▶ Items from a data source
- - - - -

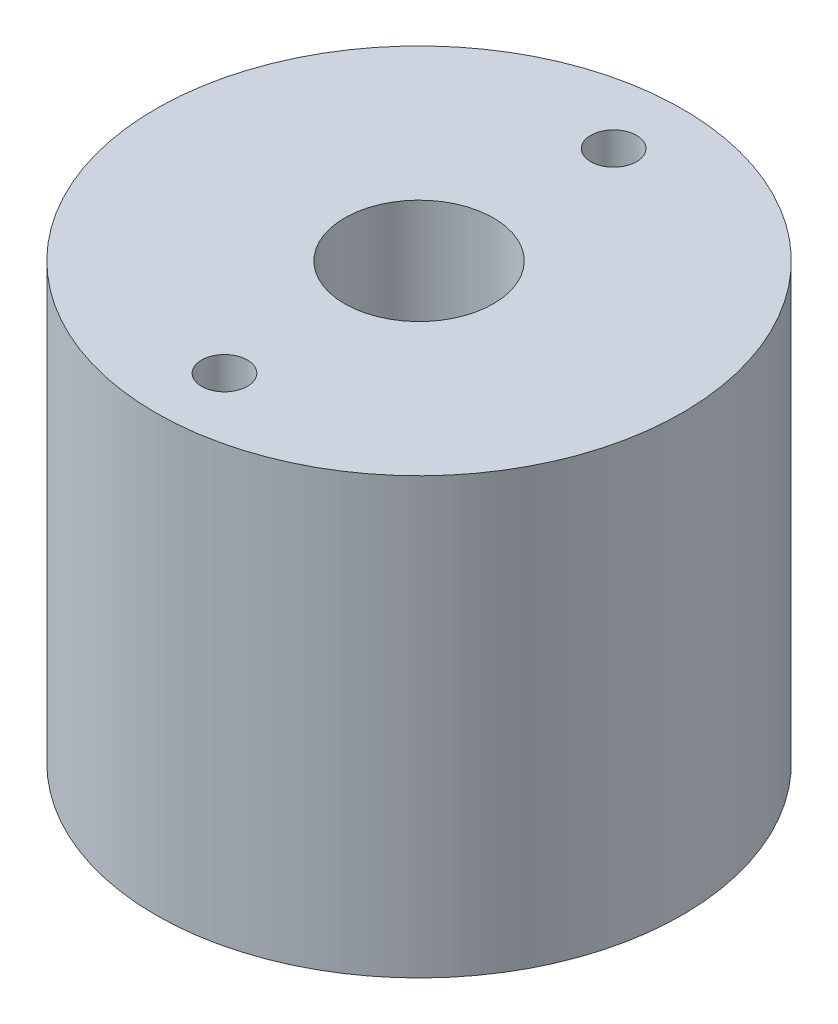
from build123d import *

# Parameters (mm, degrees)
SKETCH1_R           = 11.5
BOSS_EXTRUDE1_DEPTH = 19
SKETCH2_R           = 1
SKETCH2_R_2         = 3.25
CUT_EXTRUDE1_DEPTH  = 8.5


with BuildPart() as part:
    # Sketch1 → Boss-Extrude1 (new body)
    with BuildSketch(Plane(origin=(0, 0, 0), x_dir=(1, 0, 0), z_dir=(0, 1, 0))):
        Circle(SKETCH1_R)
    extrude(amount=BOSS_EXTRUDE1_DEPTH)

    # Sketch2 → Cut-Extrude1 (cut)
    with BuildSketch(Plane(origin=(0, 19, 0), x_dir=(1, 0, 0), z_dir=(0, 1, 0))):
        with Locations((0, 8.5)):
            Circle(SKETCH2_R)
        with Locations((0, -8.5)):
            Circle(SKETCH2_R)
        Circle(SKETCH2_R_2)
    extrude(amount=-CUT_EXTRUDE1_DEPTH, mode=Mode.SUBTRACT)


solid = part.part

- - - - -

▶ Required action
A word-for-word repetition of the data above, without pictures, is the expected answer.

▶ Solution to this task
from build123d import *

# Parameters (mm, degrees)
SKETCH1_R           = 11.5
BOSS_EXTRUDE1_DEPTH = 19
SKETCH2_R           = 1
SKETCH2_R_2         = 3.25
CUT_EXTRUDE1_DEPTH  = 8.5


with BuildPart() as part:
    # Sketch1 → Boss-Extrude1 (new body)
    with BuildSketch(Plane(origin=(0, 0, 0), x_dir=(1, 0, 0), z_dir=(0, 1, 0))):
        Circle(SKETCH1_R)
    extrude(amount=BOSS_EXTRUDE1_DEPTH)

    # Sketch2 → Cut-Extrude1 (cut)
    with BuildSketch(Plane(origin=(0, 19, 0), x_dir=(1, 0, 0), z_dir=(0, 1, 0))):
        with Locations((0, 8.5)):
            Circle(SKETCH2_R)
        with Locations((0, -8.5)):
            Circle(SKETCH2_R)
        Circle(SKETCH2_R_2)
    extrude(amount=-CUT_EXTRUDE1_DEPTH, mode=Mode.SUBTRACT)


solid = part.part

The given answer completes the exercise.